■ What you have to do
Your job is to set down the stretch of entries that opens with the line containing "#15100 = B_SPLINE_CURVE_WITH_KNOTS" and closes with the line containing "#20108 = VERTEX_POINT ( 'NONE', #30088 ) ;". Keep both end lines, copy each exactly, and add nothing.

■ Information shown
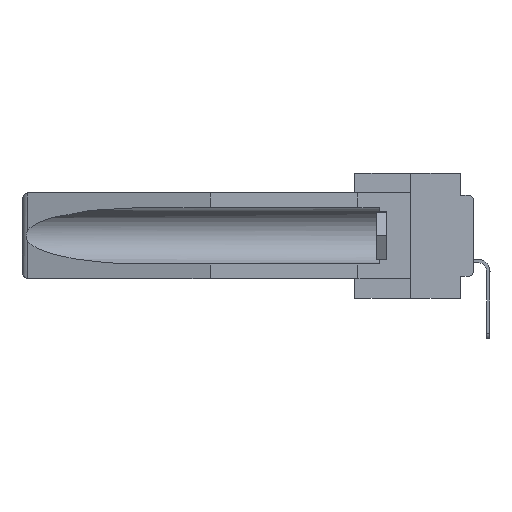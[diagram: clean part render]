
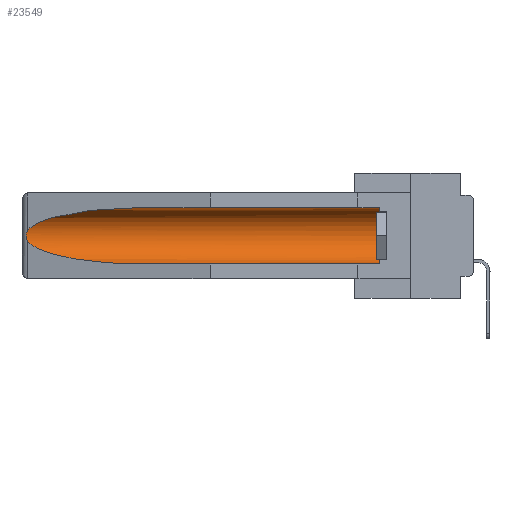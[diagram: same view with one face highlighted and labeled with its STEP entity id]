
A CAD part, left-side view. The second image highlights one B-rep face of the part: STEP entity #23549.
In plain terms, the highlighted cylindrical face has radius 2.857 mm (diameter 5.715 mm), a partial arc.
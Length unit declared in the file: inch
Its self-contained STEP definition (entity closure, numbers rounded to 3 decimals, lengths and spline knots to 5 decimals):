
#419 = CARTESIAN_POINT ( 'NONE',  ( 0.155, 0.126, -0.284 ) ) ;
#1381 = DIRECTION ( 'NONE',  ( 0., -1., 0. ) ) ;
#1415 = CARTESIAN_POINT ( 'NONE',  ( 0.26537, 1.52718, -0.19328 ) ) ;
#1951 = CARTESIAN_POINT ( 'NONE',  ( 0.155, -0.30754, -0.059 ) ) ;
#2520 = VECTOR ( 'NONE', #26883, 39.37008 ) ;
#3206 =( BOUNDED_CURVE ( )  B_SPLINE_CURVE ( 3, ( #28596, #9228, #28437, #4402 ),
 .UNSPECIFIED., .F., .F. ) 
 B_SPLINE_CURVE_WITH_KNOTS ( ( 4, 4 ),
 ( 4.71239, 6.08839 ),
 .UNSPECIFIED. ) 
 CURVE ( )  GEOMETRIC_REPRESENTATION_ITEM ( )  RATIONAL_B_SPLINE_CURVE ( ( 1., 0.848, 0.848, 1. ) ) 
 REPRESENTATION_ITEM ( '' )  );
#3207 = CARTESIAN_POINT ( 'NONE',  ( 0.155, -0.30754, -0.1715 ) ) ;
#4357 = ORIENTED_EDGE ( 'NONE', *, *, #18786, .T. ) ;
#4402 = CARTESIAN_POINT ( 'NONE',  ( 0.26537, 1.52718, -0.14972 ) ) ;
#4621 = VECTOR ( 'NONE', #21201, 39.37008 ) ;
#5013 = CARTESIAN_POINT ( 'NONE',  ( 0.26597, 1.52961, -0.15275 ) ) ;
#5203 = CARTESIAN_POINT ( 'NONE',  ( 0.2675, 1.53308, -0.17534 ) ) ;
#5816 = CARTESIAN_POINT ( 'NONE',  ( 0.155, 1.07973, -0.059 ) ) ;
#6341 = CARTESIAN_POINT ( 'NONE',  ( 0.155, 0.126, -0.1715 ) ) ;
#6382 = CARTESIAN_POINT ( 'NONE',  ( 0.25451, 1.48313, -0.24835 ) ) ;
#6913 = EDGE_CURVE ( 'NONE', #28336, #17279, #15100, .T. ) ;
#7838 = LINE ( 'NONE', #18432, #2520 ) ;
#8019 = DIRECTION ( 'NONE',  ( 0., 1., 0. ) ) ;
#8343 = FACE_OUTER_BOUND ( 'NONE', #33656, .T. ) ;
#8372 = CARTESIAN_POINT ( 'NONE',  ( 0.26654, 1.53092, -0.15636 ) ) ;
#8517 = CARTESIAN_POINT ( 'NONE',  ( 0.155, 0.126, -0.059 ) ) ;
#9228 = CARTESIAN_POINT ( 'NONE',  ( 0.21114, 1.30732, -0.059 ) ) ;
#9455 = ORIENTED_EDGE ( 'NONE', *, *, #25777, .T. ) ;
#11265 = EDGE_CURVE ( 'NONE', #26986, #20108, #7838, .T. ) ;
#11413 = CARTESIAN_POINT ( 'NONE',  ( 0.26537, 1.52718, -0.14972 ) ) ;
#12982 = VERTEX_POINT ( 'NONE', #5816 ) ;
#13328 = CARTESIAN_POINT ( 'NONE',  ( 0.26655, 1.53094, -0.18657 ) ) ;
#14660 = CARTESIAN_POINT ( 'NONE',  ( 0.21114, 1.30732, -0.284 ) ) ;
#15100 = B_SPLINE_CURVE_WITH_KNOTS ( 'NONE', 3,
 ( #21105, #5013, #8372, #26371, #16153, #5203, #26898, #13328, #21262, #32033 ),
 .UNSPECIFIED., .F., .F.,
 ( 4, 2, 2, 2, 4 ),
 ( 0., 0.00029, 0.00058, 0.00087, 0.00117 ),
 .UNSPECIFIED. ) ;
#15196 = ORIENTED_EDGE ( 'NONE', *, *, #6913, .T. ) ;
#16153 = CARTESIAN_POINT ( 'NONE',  ( 0.2675, 1.53308, -0.16763 ) ) ;
#17279 = VERTEX_POINT ( 'NONE', #24032 ) ;
#18432 = CARTESIAN_POINT ( 'NONE',  ( 0.155, -0.30754, -0.284 ) ) ;
#18786 = EDGE_CURVE ( 'NONE', #17279, #20108, #21476, .T. ) ;
#19302 = CYLINDRICAL_SURFACE ( 'NONE', #28953, 0.1125 ) ;
#20108 = VERTEX_POINT ( 'NONE', #30088 ) ;
#20320 = AXIS2_PLACEMENT_3D ( 'NONE', #6341, #1381, #30698 ) ;
#20630 = VERTEX_POINT ( 'NONE', #8517 ) ;
#21105 = CARTESIAN_POINT ( 'NONE',  ( 0.26537, 1.52718, -0.14972 ) ) ;
#21171 = EDGE_CURVE ( 'NONE', #26986, #20630, #31625, .T. ) ;
#21201 = DIRECTION ( 'NONE',  ( 0., 1., 0. ) ) ;
#21262 = CARTESIAN_POINT ( 'NONE',  ( 0.26597, 1.5296, -0.19026 ) ) ;
#21476 =( BOUNDED_CURVE ( )  B_SPLINE_CURVE ( 3, ( #1415, #6382, #14660, #30889 ),
 .UNSPECIFIED., .F., .F. ) 
 B_SPLINE_CURVE_WITH_KNOTS ( ( 4, 4 ),
 ( 0.1948, 1.5708 ),
 .UNSPECIFIED. ) 
 CURVE ( )  GEOMETRIC_REPRESENTATION_ITEM ( )  RATIONAL_B_SPLINE_CURVE ( ( 1., 0.848, 0.848, 1. ) ) 
 REPRESENTATION_ITEM ( '' )  );
#22201 = EDGE_CURVE ( 'NONE', #20630, #12982, #32141, .T. ) ;
#23549 = ADVANCED_FACE ( 'NONE', ( #8343 ), #19302, .F. ) ;
#24032 = CARTESIAN_POINT ( 'NONE',  ( 0.26537, 1.52718, -0.19328 ) ) ;
#25312 = ORIENTED_EDGE ( 'NONE', *, *, #11265, .F. ) ;
#25777 = EDGE_CURVE ( 'NONE', #12982, #28336, #3206, .T. ) ;
#26371 = CARTESIAN_POINT ( 'NONE',  ( 0.2673, 1.5327, -0.16383 ) ) ;
#26883 = DIRECTION ( 'NONE',  ( 0., 1., 0. ) ) ;
#26898 = CARTESIAN_POINT ( 'NONE',  ( 0.2673, 1.53269, -0.17917 ) ) ;
#26986 = VERTEX_POINT ( 'NONE', #419 ) ;
#28336 = VERTEX_POINT ( 'NONE', #11413 ) ;
#28437 = CARTESIAN_POINT ( 'NONE',  ( 0.25451, 1.48313, -0.09465 ) ) ;
#28596 = CARTESIAN_POINT ( 'NONE',  ( 0.155, 1.07973, -0.059 ) ) ;
#28953 = AXIS2_PLACEMENT_3D ( 'NONE', #3207, #8019, #29875 ) ;
#29647 = ORIENTED_EDGE ( 'NONE', *, *, #22201, .T. ) ;
#29875 = DIRECTION ( 'NONE',  ( 0., 0., 1. ) ) ;
#30088 = CARTESIAN_POINT ( 'NONE',  ( 0.155, 1.07973, -0.284 ) ) ;
#30698 = DIRECTION ( 'NONE',  ( 0., 0., 1. ) ) ;
#30889 = CARTESIAN_POINT ( 'NONE',  ( 0.155, 1.07973, -0.284 ) ) ;
#30934 = ORIENTED_EDGE ( 'NONE', *, *, #21171, .T. ) ;
#31625 = CIRCLE ( 'NONE', #20320, 0.1125 ) ;
#32033 = CARTESIAN_POINT ( 'NONE',  ( 0.26537, 1.52718, -0.19328 ) ) ;
#32141 = LINE ( 'NONE', #1951, #4621 ) ;
#33656 = EDGE_LOOP ( 'NONE', ( #9455, #15196, #4357, #25312, #30934, #29647 ) ) ;

■ Answer space
#15100 = B_SPLINE_CURVE_WITH_KNOTS ( 'NONE', 3,
 ( #21105, #5013, #8372, #26371, #16153, #5203, #26898, #13328, #21262, #32033 ),
 .UNSPECIFIED., .F., .F.,
 ( 4, 2, 2, 2, 4 ),
 ( 0., 0.00029, 0.00058, 0.00087, 0.00117 ),
 .UNSPECIFIED. ) ;
#15196 = ORIENTED_EDGE ( 'NONE', *, *, #6913, .T. ) ;
#16153 = CARTESIAN_POINT ( 'NONE',  ( 0.2675, 1.53308, -0.16763 ) ) ;
#17279 = VERTEX_POINT ( 'NONE', #24032 ) ;
#18432 = CARTESIAN_POINT ( 'NONE',  ( 0.155, -0.30754, -0.284 ) ) ;
#18786 = EDGE_CURVE ( 'NONE', #17279, #20108, #21476, .T. ) ;
#19302 = CYLINDRICAL_SURFACE ( 'NONE', #28953, 0.1125 ) ;
#20108 = VERTEX_POINT ( 'NONE', #30088 ) ;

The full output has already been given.